### [What needs to be done]
Copy, from the data below, each line that has the word "separate".

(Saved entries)
((
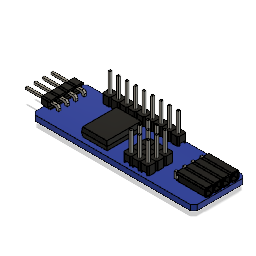
IOExpanderPCF8574T (Autodesk Fusion 360 design; units mm, degrees)
Autodesk Fusion 360 part; units mm, degrees
note: some values were not read from the file. Set by a fixed rule: which sketch regions a step uses.
sketch "Sketch1" plane through (0, 0, 0) normal (0, 1, 0) x (1, 0, 0) in component "PCB"
  line L0 (0, 0) -> (48.25, 0)
  line L1 (48.25, 0) -> (48.25, -15.6)
  line L2 (48.25, -15.6) -> (0, -15.6)
  line L3 (0, -15.6) -> (0, 0)
  dimension "d1" = 48.25
  dimension "d2" = 15.6
  dimension "d35" = 0
  dimension "d36" = 0
  dimension "d37" = 0
  dimension "d38" = 0
  measures "d2" distance of L0.start
extrude "Extrude1" add sketch "Sketch1" along normal blind 1.62 makes body 1 in component "PCB"
chamfer "Chamfer1" distance 1 angle 45 4 edges at (0, 0.81, 15.6) (48.25, 0.81, 15.6) (48.25, 0.81, 0) (0, 0.81, 0) on bodies 1 in component "PCB"
sketch "Sketch1 (1)" plane through (0, 1.62, 0) normal (0, 1, 0) x (-1, 0, 0) in component "PCB"
  line L0 (-1, 0) -> (0, 1)
  line L1 (0, 1) -> (0, 14.6)
  line L2 (0, 14.6) -> (-1, 15.6)
  line L3 (-1, 15.6) -> (-47.25, 15.6)
  line L4 (-47.25, 15.6) -> (-48.25, 14.6)
  line L5 (-48.25, 14.6) -> (-48.25, 1)
  line L6 (-48.25, 1) -> (-47.25, 0)
  line L7 (-47.25, 0) -> (-1, 0)
  line L8 (-3.3, 0) -> (-3.3, 3.3) construction
  line L9 (0, 3.3) -> (-3.3, 3.3) construction
  line L10 (-3.3, 3.3) -> (-3.3, 5.84) construction
  line L11 (-3.3, 5.84) -> (-3.3, 8.38) construction
  line L12 (-3.3, 8.38) -> (-3.3, 10.92) construction
  line L13 (0, 1.3) -> (-9, 1.3) construction
  line L14 (-9, 0) -> (-9, 1.3) construction
  line L15 (-9, 1.3) -> (-11.54, 1.3) construction
  line L16 (-11.54, 1.3) -> (-14.08, 1.3) construction
  line L17 (-14.08, 1.3) -> (-16.62, 1.3) construction
  line L18 (-16.62, 1.3) -> (-19.16, 1.3) construction
  line L19 (-19.16, 1.3) -> (-21.7, 1.3) construction
  line L20 (-21.7, 1.3) -> (-24.24, 1.3) construction
  line L21 (-24.24, 1.3) -> (-26.78, 1.3) construction
  line L22 (-26.78, 1.3) -> (-29.32, 1.3) construction
  line L23 (-38.35, 0) -> (-38.35, 3.3) construction
  line L24 (-48.25, 3.3) -> (-38.35, 3.3) construction
  line L25 (-38.35, 3.3) -> (-38.35, 5.84) construction
  line L26 (-38.35, 5.84) -> (-38.35, 8.38) construction
  line L27 (-38.35, 8.38) -> (-38.35, 10.92) construction
  line L28 (-32.45, 15.6) -> (-32.45, 13.4) construction
  line L29 (-48.25, 13.4) -> (-32.45, 13.4) construction
  line L30 (-32.45, 13.4) -> (-29.91, 13.4) construction
  line L31 (-29.91, 13.4) -> (-27.37, 13.4) construction
  line L32 (-27.37, 13.4) -> (-27.37, 10.86) construction
  line L33 (-27.37, 10.86) -> (-29.91, 10.86) construction
  line L34 (-29.91, 10.86) -> (-32.45, 10.86) construction
  line L35 (-32.45, 10.86) -> (-32.45, 8.32) construction
  line L36 (-32.45, 8.32) -> (-29.91, 8.32) construction
  line L37 (-29.91, 8.32) -> (-27.37, 8.32) construction
  dimension "d6" = 3.3
  dimension "d7" = 3.3
  dimension "d8" = 2.54
  dimension "d9" = 9
  dimension "d10" = 1.3
  dimension "d11" = 2.54
  dimension "d12" = 3.3
  dimension "d13" = 9.9
  dimension "d14" = 2.54
  dimension "d15" = 2.2
  dimension "d16" = 15.8
  dimension "d17" = 2.54
  measures "d12" distance of origin
hole "Hole1" at (27.37, 1.62, 8.32) at (29.91, 1.62, 8.32) at (32.45, 1.62, 8.32) at (32.45, 1.62, 10.86) at (29.91, 1.62, 10.86) at (27.37, 1.62, 10.86) at (27.37, 1.62, 13.4) at (29.91, 1.62, 13.4) at (32.45, 1.62, 13.4) at (38.35, 1.62, 10.92) at (38.35, 1.62, 8.38) at (38.35, 1.62, 5.84) at (38.35, 1.62, 3.3) at (29.32, 1.62, 1.3) at (26.78, 1.62, 1.3) at (24.24, 1.62, 1.3) at (21.7, 1.62, 1.3) at (19.16, 1.62, 1.3) at (16.62, 1.62, 1.3) at (14.08, 1.62, 1.3) at (11.54, 1.62, 1.3) at (9, 1.62, 1.3) at (3.3, 1.62, 10.92) at (3.3, 1.62, 8.38) at (3.3, 1.62, 5.84) at (3.3, 1.62, 3.3) direction (0, -1, 0) diameter 0.635 depth 9.6 tip angle 180 bodies 1 in component "PCB"
sketch "Sketch1 (2)" plane through (0, 0, 0) normal (0, 1, 0) x (1, 0, 0) in component "Pin"
  line L0 (0, 0) -> (5.08, 0)
  line L1 (5.08, 0) -> (5.08, -0.635)
  line L2 (5.08, -0.635) -> (0.635, -0.635)
  line L3 (0, -5.08) -> (0, 0)
  line L4 (0.635, -0.635) -> (0.635, -5.08)
  line L5 (0, -5.08) -> (0.635, -5.08)
  dimension "d3_1" = 5.08
  dimension "d29" = 0.635
  dimension "d30" = 5.08
  measures "d3_1" distance of L0.start
  measures "d30" distance of L0.start
extrude "Extrude1'" add sketch "Sketch1 (2)" along normal blind 0.635 separate body makes body 2 in component "Pin"
chamfer "Chamfer1'" distance 0.1905 angle 45 4 edges at (0.3175, 0.635, 5.08) (0.3175, 0, 5.08) (0.635, 0.3175, 5.08) (0, 0.3175, 5.08) on bodies 2 in component "Pin"
sketch "Sketch1 (3)" plane through (0, 0, 0) normal (0, 1, 0) x (1, 0, 0) in component "Plastic"
  line L0 (0, -0.3175) -> (2.159, -0.3175)
  line L1 (2.159, -1.0795) -> (2.159, 0.4445)
  line L2 (2.159, 0.4445) -> (2.1592, 0.9525) construction
  line L3 (2.159, -1.0795) -> (2.159, -1.5875) construction
  line L4 (2.159, 0.4445) -> (1.524, 0.4445)
  line L5 (2.159, -1.0795) -> (1.524, -1.0795)
  line L6 (1.524, -1.0795) -> (1.524, -1.5875)
  line L7 (1.524, 0.4445) -> (1.524, 0.9525)
  line L8 (1.524, 0.9525) -> (10.16, 0.9525)
  line L9 (10.16, 0.9525) -> (10.16, -1.5875)
  line L10 (1.524, -1.5875) -> (10.16, -1.5875)
  line L11 (0, 0) -> (0, -0.635) construction
  dimension "d7_1" = 2.159
  dimension "d8_1" = 1.524
  dimension "d9_1" = 0.508
  dimension "d11_1" = 0.635
  dimension "d12_1" = 8.636
  measures "d7_1" distance of L11.start
extrude "Extrude1''" add sketch "Sketch1 (3)" along normal mid plane 2.54 from surface at 0.3175 separate body makes body 3 in component "Plastic"
chamfer "Chamfer1''" distance 0.4 angle 45 4 edges at (5.842, 1.5875, -0.9525) (5.842, -0.9525, -0.9525) (5.842, 1.5875, 1.5875) (5.842, -0.9525, 1.5875) on bodies 3 in component "Plastic"
sketch "Sketch1 (4)" plane through (0, 0, 0) normal (0, 0, 1) x (1, 0, 0) in component "Pins bent female v2"
  line L0 (0, 0.3175) -> (0, 14)
other "PathPattern1" in component "Header"
sketch "Sketch1 (1) (2)" plane through (10.16, 0, 0) normal (1, 0, 0) x (0, 0, -1) in component "Plastic"
  line L0 (-1.5875, -0.5525) -> (-1.1875, -0.9525)
  line L1 (-1.1875, -0.9525) -> (0.5525, -0.9525)
  line L2 (0.5525, -0.9525) -> (0.9525, -0.5525)
  line L3 (0.9525, -0.5525) -> (0.9525, 1.1875)
  line L4 (0.9525, 1.1875) -> (0.5525, 1.5875)
  line L5 (0.5525, 1.5875) -> (-1.1875, 1.5875)
  line L6 (-1.1875, 1.5875) -> (-1.5875, 1.1875)
  line L7 (-1.5875, 1.1875) -> (-1.5875, -0.5525)
  line L8 (0.9525, 0.3175) -> (-0.3175, 0.3175) construction
  line L9 (-0.3175, 1.5875) -> (-0.3175, 0.3175) construction
  line L10 (-0.3175, 0.635) -> (0, 0.635)
  line L11 (0, 0.3175) -> (0, 0)
  line L12 (0, 0) -> (-0.635, 0)
  line L13 (-0.635, 0) -> (-0.635, 0.635)
  line L14 (0, 0.635) -> (0, 0.3175)
  line L15 (-0.635, 0.635) -> (-0.3175, 0.635)
  dimension "d24" = 0.635
  dimension "d25" = 0.635
  measures "d25" distance of L11.end
extrude "Extrude1'''" cut sketch "Sketch1 (1) (2)" against normal blind 5.5 contours L10 L11 L12 L13 L14 L15 bodies 3 in component "Plastic"
chamfer "Chamfer1'''" distance 0.6 angle 45 4 edges at (10.16, 0, 0.3175) (10.16, 0.3175, 0) (10.16, 0.635, 0.3175) (10.16, 0.3175, 0.635) on bodies 3 in component "Plastic"
sketch "Sketch1 (5)" plane through (0, 0, 0) normal (0, 1, 0) x (1, 0, 0) in component "Pin (1)"
  line L0 (11.684, 0) -> (11.684, -0.635)
  line L1 (0, -0.3175) -> (1.524, -0.3175) construction
  line L2 (1.524, 0) -> (1.524, -4.572)
  line L3 (1.524, 0) -> (11.684, 0)
  line L4 (11.684, -0.635) -> (2.159, -0.635)
  line L5 (2.159, -0.635) -> (1.524, -0.635) construction
  line L6 (2.159, -0.635) -> (2.159, -4.572)
  line L7 (2.159, -4.572) -> (1.524, -4.572)
  dimension "d3_2" = 11.684
  dimension "d19_2" = 1.524
  dimension "d20_2" = 0.635
  dimension "d21_1" = 4.572
  measures "d3_2" distance of origin
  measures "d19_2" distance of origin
))
### [Completed task]
extrude "Extrude1'" add sketch "Sketch1 (2)" along normal blind 0.635 separate body makes body 2 in component "Pin"
extrude "Extrude1''" add sketch "Sketch1 (3)" along normal mid plane 2.54 from surface at 0.3175 separate body makes body 3 in component "Plastic"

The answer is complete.